ATLANTA — Nearly 200 U.S. mothers this year will learn that their newborns are HIV-positive and that they will need a steady dose of antiretroviral medicines most likely for the rest of their lives.
Stopping those medications, doctors say, will lead to certain illness and not, despite one recently reported case, to a cure.
"We know from research that the vast majority of infected children and adults, if they stop their treatments, they are going to get sick and usually very rapidly," said Dr. Jeffrey Lennox, a professor of infectious disease at Emory University and leader of Emory's HIV clinical trials unit.
News that an HIV-infected baby, born in rural Mississippi, had been cured dominated the talks early last week at the Conference on Retroviruses and Opportunistic Infections in Atlanta.
If confirmed, the infant would be only the second well-documented case of a cure in the world. The first was Timothy Brown, a middle-aged leukemia patient who received a bone-marrow transplant from a donor who was genetically resistant to HIV infection. He became known as the Berlin patient.

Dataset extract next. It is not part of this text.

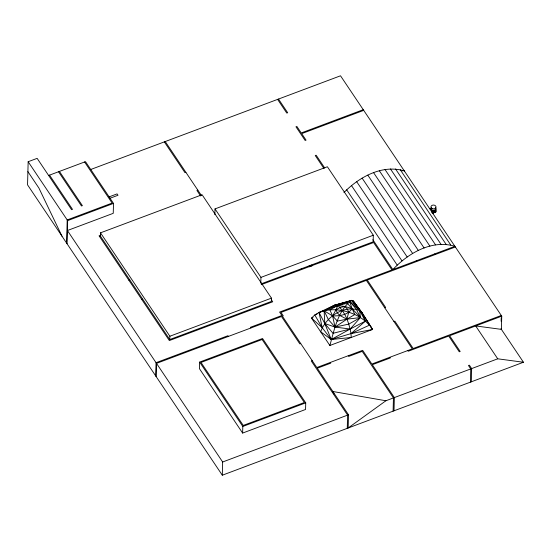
<?xml version="1.0" encoding="UTF-8"?>
<svg xmlns="http://www.w3.org/2000/svg" width="551" height="551" viewBox="0 0 551 551"><rect width="100%" height="100%" fill="white"/><g stroke="black" fill="none" stroke-linecap="round" stroke-linejoin="round"><path stroke-width="0.83" d="M49.528 175.128L72.491 209.373L71.596 209.711L37.144 158.351L28.156 161.719L27.55 184.847L222.308 475.21L523.45 362.248L500.942 328.692M66.595 243.06L67.201 219.932L112.142 203.071L84.585 161.98M67.05 243.742L67.656 220.614L28.156 161.719M100.42 236.138L100.502 232.839L202.086 194.73L271.443 298.139L271.354 301.445L169.777 339.547L100.42 236.138L99.517 236.475M48.626 175.466L85.488 161.643L113.506 203.415L113.244 213.327L67.401 230.525L222.652 461.993L222.308 475.21M155.706 375.913L156.05 362.696L227.962 335.717L228.424 336.406M156.167 376.595L156.512 363.378L281.465 316.508L299.834 343.9L300.736 343.562M169.777 339.547L169.866 336.241L100.502 232.839M199.627 362.09L199.455 368.702L242.633 433.072L305.557 409.469L305.729 402.857L262.551 338.486L199.627 362.09L242.805 426.46L242.633 433.072M214.862 214.676L215.014 208.898L327.377 166.746L373.309 235.229L373.137 241.834L261.567 283.689M260.795 283.159L260.947 277.38L215.014 208.898M347.261 428.341L347.605 415.123L311.315 361.022L312.217 360.685M330.297 362.475L330.752 363.157L317.273 368.22L348.507 414.786L348.156 428.003L385.9 400.756L497.725 358.811L523.45 362.248M393.104 411.142L393.448 397.925L362.214 351.359L348.735 356.414L348.273 355.732M394.006 410.805L394.351 397.588L372.304 364.714L390.28 357.971L389.819 357.289M430.916 208.712L431.047 208.002L432.253 213.189L435.772 212.045L435.689 207.768L435.882 211.825L433.086 212.872M430.923 208.485C431.35 209.621 428.747 208.409 431.164 208.609M435.91 208.244L435.138 210.048L435.083 212.128L431.571 209.924L431.24 207.803M435.138 210.048L432.666 210.42L430.903 209.07M432.666 210.42L431.998 211.15M433.313 210.516L433.293 211.343L432.17 211.763M433.974 210.489L433.94 211.708L432.273 212.335M434.553 211.977L434.594 210.324M435.497 212.156L435.565 209.676M435.848 209.228L435.772 212.045L432.7 213.203M470.416 382.139L470.761 368.922L468.46 365.499L469.362 365.161L471.656 368.591L471.312 381.802M501.135 321.254L501.224 317.955M90.777 169.474L340.518 75.79L501.747 316.157L501.403 329.374L475.678 325.937L497.725 358.811M329.87 345.491C334.312 329.822 337.825 310.619 351.448 300.343L353.026 300.626L362.048 312.761L372.572 329.47L329.87 345.491L311.501 318.099L314.779 314.972L319.043 312.5L334.25 305.316L349.52 301.252L362.048 312.761L372.572 329.47L351.001 333.596L331.241 339.506L320.689 331.792C325.779 317.025 344.148 304.428 359.624 310.488L365.396 321.137L369.487 325.159L351.001 333.596L351.221 337.481L331.241 339.506L322.211 327.7L314.779 314.972L317.087 313.994M323.774 310.709L319.043 312.5L324.801 323.547L331.241 339.506L350.167 329.037L360.45 317.541L359.624 310.488L351.448 300.343L334.25 305.316L324.126 310.778L319.043 312.5L322.211 327.7L311.501 318.099L313.002 317.342M343.955 192.561C359.087 177.126 382.346 164.081 404.372 170.975M392.87 269.577C408.112 253.24 432.06 239.244 454.899 246.311L392.87 269.577L372.848 239.726M350.167 329.037L335.056 327.067L328.327 319.546L324.126 310.778L337.742 305.495C345.663 312.569 349.127 323.43 351.001 333.596L365.396 321.137L360.45 317.541L352.082 308.615L344.905 306.459L337.742 305.495L335.786 304.758L324.126 310.778L324.801 323.547L332.983 333.293L350.167 329.037L365.396 321.137L362.048 312.761L353.026 300.626M308.181 266.477L311.832 265.052M309.318 266.815L312.286 265.74M109.153 196.865L117.081 193.89L118.004 195.261L110.069 198.236M185.901 172.36L184.998 172.697L164.329 141.882M363.261 109.69L301.232 132.956L296.872 126.448L295.97 126.785L305.158 140.484L306.053 140.147L301.693 133.638L363.715 110.372M67.656 220.614L113.506 203.415M197.843 190.164L196.941 190.501L200.619 195.984M100.661 235.194L99.056 235.794L169.336 340.566L272.717 301.79L271.278 299.648M402.354 170.879L403.911 170.293M128.913 280.307L129.816 279.97M141.779 299.482L142.675 299.145M430.179 208.801L431.302 208.381M432.301 212.824L434.904 211.839M260.947 277.38L373.309 235.229M261.229 284.667L373.599 242.523L391.968 269.914L279.605 312.066L281.898 315.489L250.436 327.287L250.898 327.976M169.866 336.241L271.443 298.139M455.353 246.993L367.262 280.039L385.631 307.43L384.736 307.768M393.924 321.467L394.819 321.13L413.195 348.521L501.286 315.475M501.747 316.157L449.609 335.717L460.175 351.469L459.279 351.807L448.714 336.055L408.257 351.228L407.802 350.546M242.805 426.46L305.729 402.857M222.652 461.993L348.507 414.786M347.495 301.817L351.448 300.343L362.048 312.761L363.047 315.02M334.25 305.316L349.52 301.252L356.242 309.077L360.45 317.541L348.776 324.126L335.056 327.067L324.801 323.547M385.9 400.756L332.887 391.499L333.885 393.882M400.212 169.66L450.739 244.988M395.549 168.971L446.076 244.307M390.459 168.943L440.986 244.272M385.039 169.563L435.565 244.892M379.384 170.824L429.911 246.152M434.67 253.894L435.132 254.583M373.612 172.697L424.139 248.033M367.827 175.156L418.354 250.491M362.131 178.152L412.658 253.481M416.239 260.809L416.701 261.491M356.642 181.63L407.168 256.959M351.448 185.515L401.975 260.85M346.648 189.751L397.175 265.079M278.496 99.056L287.684 112.755L286.782 113.093L277.594 99.394M324.732 167.993L316.164 155.21L315.262 155.547L323.871 168.386M354.197 302.079L359.252 309.614M363.846 316.46L364.762 317.831M366.139 319.883L372.572 329.47M319.201 262.069L319.663 262.751M310.213 265.437L310.674 266.126M301.225 268.812L301.679 269.494M165.231 141.545L201.514 195.646M59.418 171.423L82.381 205.661L81.486 205.998L58.516 171.76M27.894 171.63L38.921 188.07L62.001 236.214M430.978 208.987L431.199 209.456M348.728 312.162L346.93 319.187L335.056 327.067L332.59 315.93L329.849 309.862L324.126 310.778L332.59 315.93L337.364 321.068L346.93 319.187L360.45 317.541C351.311 312.011 340.539 309.159 329.849 309.862L337.742 305.495L349.52 301.252L352.082 308.615L354.823 314.518L346.93 319.187L339.836 315.496L337.364 312.878L336.014 309.793L337.742 305.495L347.309 303.312L352.082 308.615C347.784 315.138 339.733 315.992 332.59 315.93L336.014 309.793L339.995 307.472L344.905 306.459L347.378 309.125L348.728 312.162M366.36 280.376L280.962 312.41L283.262 315.833L282.36 316.171L316.811 367.531L362.654 350.333L371.842 364.032L412.293 348.859L366.36 280.376M262.118 339.506L200.984 362.441L243.246 425.441L304.372 402.512L262.118 339.506M432.115 208.547A2.521 1.908 1.5 0 0 436.006 207.086A2.521 1.908 1.5 0 0 432.342 205.248A2.521 1.908 1.5 0 0 432.115 208.547"/></g></svg>

Doctors who treated the Mississippi infant believe the case is proof that HIV can be cured if they are able to replicate the case. Others, including Lennox, aren't convinced.
Now 21/2, the toddler was born prematurely after the mother arrived at a rural hospital in the fall of 2010 without ever receiving prenatal care or any knowledge she was HIV-positive.
When a test indicated she might be infected, doctors transferred the baby to the University of Mississippi Medical Center, where the infant was tested and given a three-drug regimen, then the standard care.
After a month of treatments, the virus levels had not only dropped but were undetectable. That remained true 18 months after the mother stopped treatment.
Lennox and Dr. Rana Chakraborty, chairman of the committee on Pediatric AIDS for the American Academy of Pediatrics and the medical director for the family and youth clinic at Grady Hospital's infectious disease program, said the infant's story is an "incredibly unusual" case.
Lennox said there may be something to be learned from it, but the case has no implications for the vast majority of HIV-infected people in the U.S. at the moment.
"It's very early in the case, so there is still a lot to be studied, including what led to the child being cleared of the HIV infection," he said. "Personally, I'm a little skeptical. You have to follow someone for years before they can be declared cured and they've been following this child for only a few months." Salina Cranor, a spokesperson for the Centers for Disease Control and Prevention, said the agency began recommending routine HIV screening of pregnant women in 1995, following research findings that HIV medications significantly reduce the risk of transmission from HIV-infected pregnant women to their infants.
As a result, she said, there has been a dramatic decline in the number of babies born with HIV, from a peak of 1,650 in 1991 to fewer than 200 per year today.
Chakraborty praised Dr. Deborah Persaud, the lead author of the report on the baby, and said he is delighted for the child and its mother. But he believes the case is an "outlier" and that more research needs to be done.
He said, "It's very difficult to make any generalization about one case, especially when we don't know the mechanism for clearing the virus." In the meantime, he said, all pregnant women should be screened in the first trimester of pregnancy and again in the third trimester, and all HIV-infected individuals should take antiretroviral medication as recommended by their physicians.
If pregnant and HIV-infected, Chakraborty recommends discussing your options with your obstetrician and ask your baby's pediatrician about ways to prevent transmission of the virus.
"If they are found to be HIV-positive, they should take life-saving antiretroviral medicine which will not only be good for their health but also protect their unborn child," he said.
Lennox said there are treatments available that will suppress the virus in over 90 percent of adults and children and keep it suppressed for decades. For instance, he said that there are 100 women on average who are HIV-infected and give birth at Grady. Less than one-half percent of those children become infected.
"That's how effective the treatment is when given to the mother during pregnancy and for a short period of time to the child following birth," Lennox said. "In the last seven years, we've gone from one out of every five babies born HIV-infected to less than one percent.
"The treatments are incredible. It's just that patients have to take them every day for decades until we have a real cure. That's the hard part."